[[ RECORDS FOR THE EXERCISE open ]]

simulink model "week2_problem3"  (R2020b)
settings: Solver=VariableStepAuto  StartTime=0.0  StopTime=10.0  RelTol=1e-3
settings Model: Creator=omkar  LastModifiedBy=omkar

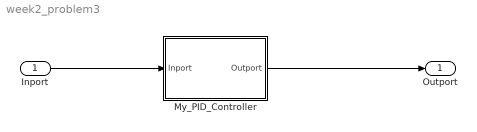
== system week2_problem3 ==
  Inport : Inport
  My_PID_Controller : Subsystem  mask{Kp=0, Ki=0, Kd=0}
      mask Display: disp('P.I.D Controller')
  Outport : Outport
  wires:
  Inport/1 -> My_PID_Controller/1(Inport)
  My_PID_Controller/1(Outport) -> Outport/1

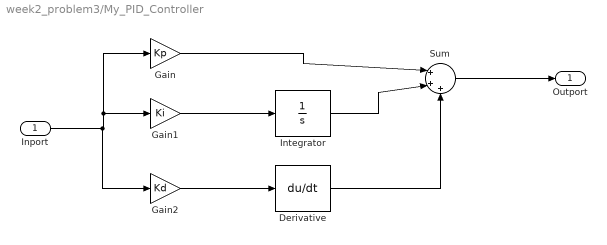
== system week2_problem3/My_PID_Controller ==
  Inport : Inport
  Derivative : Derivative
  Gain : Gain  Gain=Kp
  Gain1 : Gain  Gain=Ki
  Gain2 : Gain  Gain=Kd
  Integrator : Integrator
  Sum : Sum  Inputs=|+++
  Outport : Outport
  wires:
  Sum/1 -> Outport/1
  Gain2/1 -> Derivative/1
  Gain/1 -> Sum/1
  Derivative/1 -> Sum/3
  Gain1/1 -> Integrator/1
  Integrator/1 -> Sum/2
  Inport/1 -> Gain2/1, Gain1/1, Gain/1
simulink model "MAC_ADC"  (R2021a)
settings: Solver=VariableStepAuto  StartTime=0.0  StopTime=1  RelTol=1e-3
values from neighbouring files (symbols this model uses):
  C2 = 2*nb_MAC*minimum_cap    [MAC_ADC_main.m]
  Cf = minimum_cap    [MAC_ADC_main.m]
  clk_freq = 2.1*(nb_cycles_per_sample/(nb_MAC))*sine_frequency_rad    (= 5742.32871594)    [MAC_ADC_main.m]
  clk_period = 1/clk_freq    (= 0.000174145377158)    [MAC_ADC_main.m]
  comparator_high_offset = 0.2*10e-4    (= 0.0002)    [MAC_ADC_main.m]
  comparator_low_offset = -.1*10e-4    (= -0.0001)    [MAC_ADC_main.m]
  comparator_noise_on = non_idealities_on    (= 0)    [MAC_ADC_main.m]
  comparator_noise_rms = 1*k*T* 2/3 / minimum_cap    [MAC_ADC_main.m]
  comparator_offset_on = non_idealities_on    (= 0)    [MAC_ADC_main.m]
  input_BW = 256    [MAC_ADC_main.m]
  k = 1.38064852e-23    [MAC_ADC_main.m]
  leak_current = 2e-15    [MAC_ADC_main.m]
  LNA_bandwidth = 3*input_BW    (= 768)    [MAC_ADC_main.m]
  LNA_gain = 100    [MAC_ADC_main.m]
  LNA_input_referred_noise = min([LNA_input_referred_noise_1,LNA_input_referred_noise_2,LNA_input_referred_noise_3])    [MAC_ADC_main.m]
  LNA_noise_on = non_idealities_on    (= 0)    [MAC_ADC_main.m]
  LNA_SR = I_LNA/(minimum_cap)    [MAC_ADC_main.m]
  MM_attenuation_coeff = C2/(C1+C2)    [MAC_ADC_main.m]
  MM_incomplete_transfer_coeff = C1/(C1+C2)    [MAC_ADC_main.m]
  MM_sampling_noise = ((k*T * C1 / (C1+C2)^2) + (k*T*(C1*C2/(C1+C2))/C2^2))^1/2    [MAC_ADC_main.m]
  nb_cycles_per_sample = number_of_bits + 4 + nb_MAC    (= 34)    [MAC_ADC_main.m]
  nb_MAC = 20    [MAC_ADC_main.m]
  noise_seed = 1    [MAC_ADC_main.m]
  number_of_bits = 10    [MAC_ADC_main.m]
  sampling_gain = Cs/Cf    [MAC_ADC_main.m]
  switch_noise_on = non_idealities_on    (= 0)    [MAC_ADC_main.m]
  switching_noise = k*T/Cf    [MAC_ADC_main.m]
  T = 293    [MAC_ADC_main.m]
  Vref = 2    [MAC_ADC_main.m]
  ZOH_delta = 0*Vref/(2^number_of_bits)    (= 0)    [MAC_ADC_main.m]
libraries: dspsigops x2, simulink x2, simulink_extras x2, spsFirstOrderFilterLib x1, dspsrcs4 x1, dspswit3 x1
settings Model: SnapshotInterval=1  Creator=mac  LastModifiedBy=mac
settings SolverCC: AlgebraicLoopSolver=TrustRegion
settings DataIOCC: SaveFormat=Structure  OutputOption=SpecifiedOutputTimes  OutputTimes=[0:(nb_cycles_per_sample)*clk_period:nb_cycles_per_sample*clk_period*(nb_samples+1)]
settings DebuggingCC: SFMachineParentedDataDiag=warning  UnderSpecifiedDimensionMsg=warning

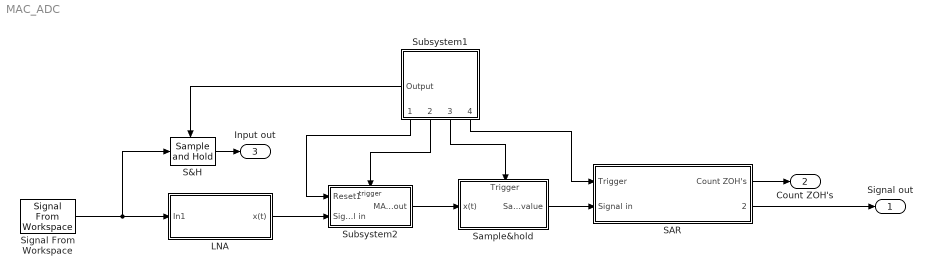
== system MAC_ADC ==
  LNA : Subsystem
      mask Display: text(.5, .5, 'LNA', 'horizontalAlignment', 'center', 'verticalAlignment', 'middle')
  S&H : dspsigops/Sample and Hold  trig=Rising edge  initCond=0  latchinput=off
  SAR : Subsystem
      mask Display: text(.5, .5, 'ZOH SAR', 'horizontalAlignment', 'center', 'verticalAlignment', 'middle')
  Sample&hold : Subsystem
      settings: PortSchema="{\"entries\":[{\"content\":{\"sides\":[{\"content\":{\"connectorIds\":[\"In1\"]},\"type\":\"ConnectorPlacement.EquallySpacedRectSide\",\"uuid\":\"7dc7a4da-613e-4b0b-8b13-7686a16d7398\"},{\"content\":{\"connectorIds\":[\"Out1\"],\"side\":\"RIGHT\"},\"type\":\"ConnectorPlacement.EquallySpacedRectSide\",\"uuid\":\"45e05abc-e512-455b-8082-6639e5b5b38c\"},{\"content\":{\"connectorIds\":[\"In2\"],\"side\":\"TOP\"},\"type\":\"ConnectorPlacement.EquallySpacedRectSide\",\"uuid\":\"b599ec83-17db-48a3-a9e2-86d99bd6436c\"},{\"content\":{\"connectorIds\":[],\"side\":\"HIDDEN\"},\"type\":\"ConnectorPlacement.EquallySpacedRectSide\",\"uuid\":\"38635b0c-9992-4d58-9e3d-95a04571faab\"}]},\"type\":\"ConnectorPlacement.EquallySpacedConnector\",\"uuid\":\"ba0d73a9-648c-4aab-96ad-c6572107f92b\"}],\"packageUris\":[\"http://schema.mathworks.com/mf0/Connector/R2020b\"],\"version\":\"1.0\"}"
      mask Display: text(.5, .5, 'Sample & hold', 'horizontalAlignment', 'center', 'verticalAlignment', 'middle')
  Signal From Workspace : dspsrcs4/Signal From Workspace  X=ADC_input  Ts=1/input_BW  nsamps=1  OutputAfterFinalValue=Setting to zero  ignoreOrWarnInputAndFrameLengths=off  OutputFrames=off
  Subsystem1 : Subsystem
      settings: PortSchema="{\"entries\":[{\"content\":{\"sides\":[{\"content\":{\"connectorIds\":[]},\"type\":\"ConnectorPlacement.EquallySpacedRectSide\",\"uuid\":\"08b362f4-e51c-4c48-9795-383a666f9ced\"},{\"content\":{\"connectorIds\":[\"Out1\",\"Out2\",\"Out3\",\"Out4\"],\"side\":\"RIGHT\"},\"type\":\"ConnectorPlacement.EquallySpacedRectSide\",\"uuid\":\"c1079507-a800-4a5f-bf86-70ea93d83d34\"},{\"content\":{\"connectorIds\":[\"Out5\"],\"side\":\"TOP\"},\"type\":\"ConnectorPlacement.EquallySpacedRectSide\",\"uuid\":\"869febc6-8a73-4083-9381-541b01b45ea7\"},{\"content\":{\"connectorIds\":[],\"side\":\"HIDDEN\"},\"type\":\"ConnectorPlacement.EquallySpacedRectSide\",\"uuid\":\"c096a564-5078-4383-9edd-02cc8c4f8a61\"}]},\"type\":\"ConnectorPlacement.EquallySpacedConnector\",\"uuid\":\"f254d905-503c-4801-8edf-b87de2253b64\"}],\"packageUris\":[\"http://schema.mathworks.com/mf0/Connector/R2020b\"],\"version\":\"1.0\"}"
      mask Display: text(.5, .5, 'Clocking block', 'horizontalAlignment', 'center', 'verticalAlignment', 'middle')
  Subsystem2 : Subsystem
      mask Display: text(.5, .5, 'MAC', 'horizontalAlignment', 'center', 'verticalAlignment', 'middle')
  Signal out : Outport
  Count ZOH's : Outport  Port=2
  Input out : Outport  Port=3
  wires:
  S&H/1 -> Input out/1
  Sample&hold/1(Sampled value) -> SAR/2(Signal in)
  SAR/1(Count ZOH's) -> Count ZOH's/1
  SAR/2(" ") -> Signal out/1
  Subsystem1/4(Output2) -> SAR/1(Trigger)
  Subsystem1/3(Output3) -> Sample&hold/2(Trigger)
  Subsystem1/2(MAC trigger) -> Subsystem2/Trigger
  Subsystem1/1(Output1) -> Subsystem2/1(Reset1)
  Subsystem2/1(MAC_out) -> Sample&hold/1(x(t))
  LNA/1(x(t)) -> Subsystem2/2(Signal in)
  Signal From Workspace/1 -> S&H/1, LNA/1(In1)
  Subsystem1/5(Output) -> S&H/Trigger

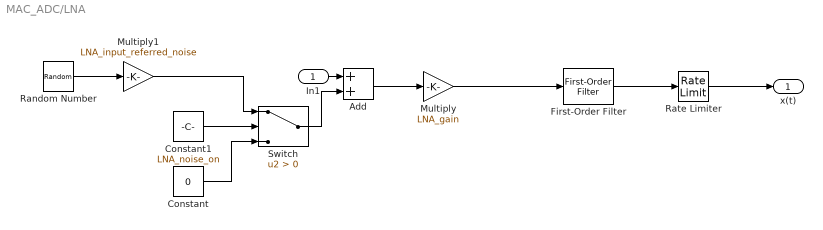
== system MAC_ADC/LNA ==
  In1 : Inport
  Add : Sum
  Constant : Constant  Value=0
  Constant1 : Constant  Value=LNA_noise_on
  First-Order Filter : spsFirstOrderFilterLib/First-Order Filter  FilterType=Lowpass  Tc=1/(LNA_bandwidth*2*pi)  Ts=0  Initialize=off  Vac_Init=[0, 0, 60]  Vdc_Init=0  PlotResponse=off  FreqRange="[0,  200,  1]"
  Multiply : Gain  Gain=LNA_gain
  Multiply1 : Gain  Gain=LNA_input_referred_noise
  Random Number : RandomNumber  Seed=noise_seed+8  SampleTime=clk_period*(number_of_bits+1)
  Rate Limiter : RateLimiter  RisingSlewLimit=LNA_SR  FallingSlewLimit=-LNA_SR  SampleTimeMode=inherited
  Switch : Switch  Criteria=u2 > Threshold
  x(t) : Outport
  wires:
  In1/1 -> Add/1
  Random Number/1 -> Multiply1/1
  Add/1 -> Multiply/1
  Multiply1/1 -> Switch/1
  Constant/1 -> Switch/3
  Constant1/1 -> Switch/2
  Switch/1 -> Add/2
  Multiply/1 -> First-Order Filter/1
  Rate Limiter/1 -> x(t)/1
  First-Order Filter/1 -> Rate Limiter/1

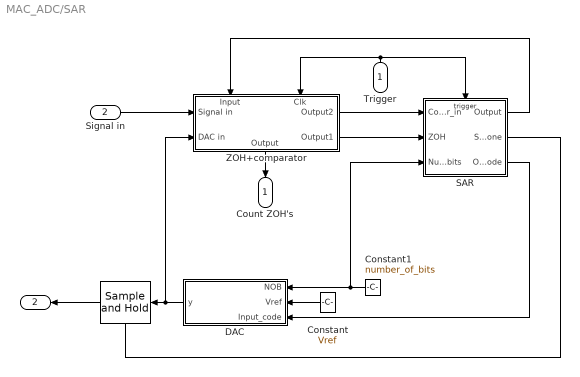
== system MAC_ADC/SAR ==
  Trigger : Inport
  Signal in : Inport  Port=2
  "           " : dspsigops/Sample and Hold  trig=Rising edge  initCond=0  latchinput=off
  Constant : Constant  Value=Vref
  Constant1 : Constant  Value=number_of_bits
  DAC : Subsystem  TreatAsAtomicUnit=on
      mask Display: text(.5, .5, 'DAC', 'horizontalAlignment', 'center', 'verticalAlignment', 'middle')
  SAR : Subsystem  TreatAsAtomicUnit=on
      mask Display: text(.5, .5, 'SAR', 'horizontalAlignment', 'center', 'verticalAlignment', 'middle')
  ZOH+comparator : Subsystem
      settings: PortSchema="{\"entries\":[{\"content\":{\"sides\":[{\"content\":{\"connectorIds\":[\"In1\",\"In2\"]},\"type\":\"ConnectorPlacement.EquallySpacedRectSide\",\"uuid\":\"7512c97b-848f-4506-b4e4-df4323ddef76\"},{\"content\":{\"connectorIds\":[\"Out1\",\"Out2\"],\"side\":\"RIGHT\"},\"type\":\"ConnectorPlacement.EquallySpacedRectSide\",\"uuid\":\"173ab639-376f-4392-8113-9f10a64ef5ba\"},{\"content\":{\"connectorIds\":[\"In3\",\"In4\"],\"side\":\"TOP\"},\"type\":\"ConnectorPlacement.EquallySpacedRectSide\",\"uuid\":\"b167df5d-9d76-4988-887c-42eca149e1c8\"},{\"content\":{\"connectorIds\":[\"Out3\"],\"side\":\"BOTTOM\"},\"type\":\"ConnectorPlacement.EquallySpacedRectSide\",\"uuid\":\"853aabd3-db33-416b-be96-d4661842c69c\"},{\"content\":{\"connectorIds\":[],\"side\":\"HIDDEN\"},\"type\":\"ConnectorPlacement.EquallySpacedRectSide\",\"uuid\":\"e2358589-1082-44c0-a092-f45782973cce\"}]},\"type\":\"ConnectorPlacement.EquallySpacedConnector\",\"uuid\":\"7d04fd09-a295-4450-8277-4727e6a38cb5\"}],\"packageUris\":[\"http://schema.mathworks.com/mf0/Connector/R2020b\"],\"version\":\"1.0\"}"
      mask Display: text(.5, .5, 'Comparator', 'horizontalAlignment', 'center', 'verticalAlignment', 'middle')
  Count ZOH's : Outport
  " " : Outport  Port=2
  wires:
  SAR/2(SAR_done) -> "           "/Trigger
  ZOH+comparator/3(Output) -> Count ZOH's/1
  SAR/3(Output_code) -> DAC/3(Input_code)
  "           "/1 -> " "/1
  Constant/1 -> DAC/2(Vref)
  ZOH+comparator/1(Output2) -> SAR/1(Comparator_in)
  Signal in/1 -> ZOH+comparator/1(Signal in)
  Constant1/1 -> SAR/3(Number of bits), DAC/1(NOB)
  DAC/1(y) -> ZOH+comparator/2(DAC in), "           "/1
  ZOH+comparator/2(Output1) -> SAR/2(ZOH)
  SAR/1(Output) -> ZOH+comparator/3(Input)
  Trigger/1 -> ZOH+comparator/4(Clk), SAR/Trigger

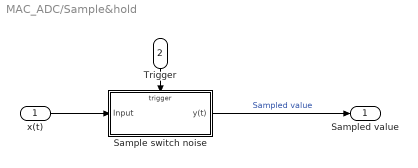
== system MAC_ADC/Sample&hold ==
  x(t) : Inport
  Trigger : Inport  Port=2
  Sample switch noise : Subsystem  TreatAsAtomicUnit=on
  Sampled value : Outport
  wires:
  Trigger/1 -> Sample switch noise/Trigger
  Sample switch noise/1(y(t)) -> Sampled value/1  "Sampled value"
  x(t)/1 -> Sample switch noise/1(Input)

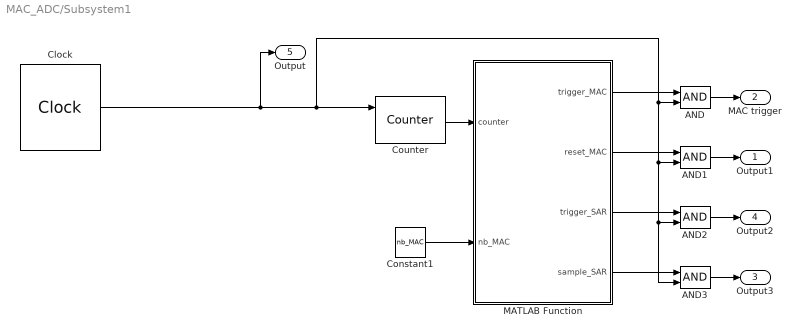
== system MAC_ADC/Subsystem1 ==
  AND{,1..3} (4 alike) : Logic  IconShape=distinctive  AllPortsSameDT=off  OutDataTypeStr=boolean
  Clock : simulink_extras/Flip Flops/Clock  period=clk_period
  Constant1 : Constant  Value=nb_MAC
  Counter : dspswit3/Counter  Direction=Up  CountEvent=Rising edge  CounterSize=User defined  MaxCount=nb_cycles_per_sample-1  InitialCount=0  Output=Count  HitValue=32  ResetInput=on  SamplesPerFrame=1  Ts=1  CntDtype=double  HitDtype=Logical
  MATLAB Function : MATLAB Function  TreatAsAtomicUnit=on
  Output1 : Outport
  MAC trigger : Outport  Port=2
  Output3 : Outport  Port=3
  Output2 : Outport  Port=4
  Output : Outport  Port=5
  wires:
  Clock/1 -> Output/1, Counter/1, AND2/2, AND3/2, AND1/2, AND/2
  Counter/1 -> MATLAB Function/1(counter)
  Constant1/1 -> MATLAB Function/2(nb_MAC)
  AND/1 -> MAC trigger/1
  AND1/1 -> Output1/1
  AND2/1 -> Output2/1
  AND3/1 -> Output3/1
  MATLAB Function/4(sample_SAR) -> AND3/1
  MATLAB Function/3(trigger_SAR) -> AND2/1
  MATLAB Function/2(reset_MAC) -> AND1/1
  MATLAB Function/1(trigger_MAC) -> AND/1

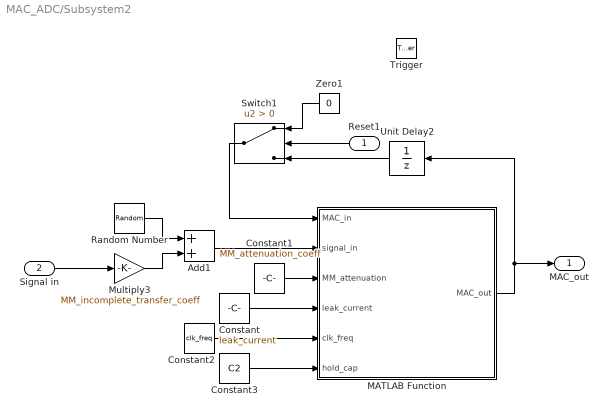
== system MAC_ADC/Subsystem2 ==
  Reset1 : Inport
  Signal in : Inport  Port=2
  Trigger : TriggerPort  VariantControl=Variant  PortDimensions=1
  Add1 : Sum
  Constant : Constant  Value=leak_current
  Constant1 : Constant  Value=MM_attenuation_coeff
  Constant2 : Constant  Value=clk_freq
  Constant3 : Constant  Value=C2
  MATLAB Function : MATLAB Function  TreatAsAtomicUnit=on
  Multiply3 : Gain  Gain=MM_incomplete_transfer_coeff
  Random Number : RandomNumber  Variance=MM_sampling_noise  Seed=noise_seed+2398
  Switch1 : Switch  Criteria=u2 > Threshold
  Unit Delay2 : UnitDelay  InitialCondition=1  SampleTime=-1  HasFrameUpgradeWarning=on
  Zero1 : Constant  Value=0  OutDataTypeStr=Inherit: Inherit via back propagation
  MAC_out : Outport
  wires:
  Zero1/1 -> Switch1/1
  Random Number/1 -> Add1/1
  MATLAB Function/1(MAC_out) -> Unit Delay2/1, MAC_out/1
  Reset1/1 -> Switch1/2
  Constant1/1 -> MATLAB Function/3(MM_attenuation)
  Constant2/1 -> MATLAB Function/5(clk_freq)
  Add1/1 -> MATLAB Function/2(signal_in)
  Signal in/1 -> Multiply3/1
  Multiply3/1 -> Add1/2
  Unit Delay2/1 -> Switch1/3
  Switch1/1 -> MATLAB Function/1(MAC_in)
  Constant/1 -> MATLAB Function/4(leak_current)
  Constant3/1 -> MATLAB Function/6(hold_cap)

[[ RECORDS FOR THE EXERCISE closed ]]

Exactly the lines above from the one that contains "Counter/1 -> MATLAB Function/1(counter)" down to the one that contains "Switch1 : Switch" are to be output, both ends kept and pictures omitted.

  Counter/1 -> MATLAB Function/1(counter)
  Constant1/1 -> MATLAB Function/2(nb_MAC)
  AND/1 -> MAC trigger/1
  AND1/1 -> Output1/1
  AND2/1 -> Output2/1
  AND3/1 -> Output3/1
  MATLAB Function/4(sample_SAR) -> AND3/1
  MATLAB Function/3(trigger_SAR) -> AND2/1
  MATLAB Function/2(reset_MAC) -> AND1/1
  MATLAB Function/1(trigger_MAC) -> AND/1

== system MAC_ADC/Subsystem2 ==
  Reset1 : Inport
  Signal in : Inport  Port=2
  Trigger : TriggerPort  VariantControl=Variant  PortDimensions=1
  Add1 : Sum
  Constant : Constant  Value=leak_current
  Constant1 : Constant  Value=MM_attenuation_coeff
  Constant2 : Constant  Value=clk_freq
  Constant3 : Constant  Value=C2
  MATLAB Function : MATLAB Function  TreatAsAtomicUnit=on
  Multiply3 : Gain  Gain=MM_incomplete_transfer_coeff
  Random Number : RandomNumber  Variance=MM_sampling_noise  Seed=noise_seed+2398
  Switch1 : Switch  Criteria=u2 > Threshold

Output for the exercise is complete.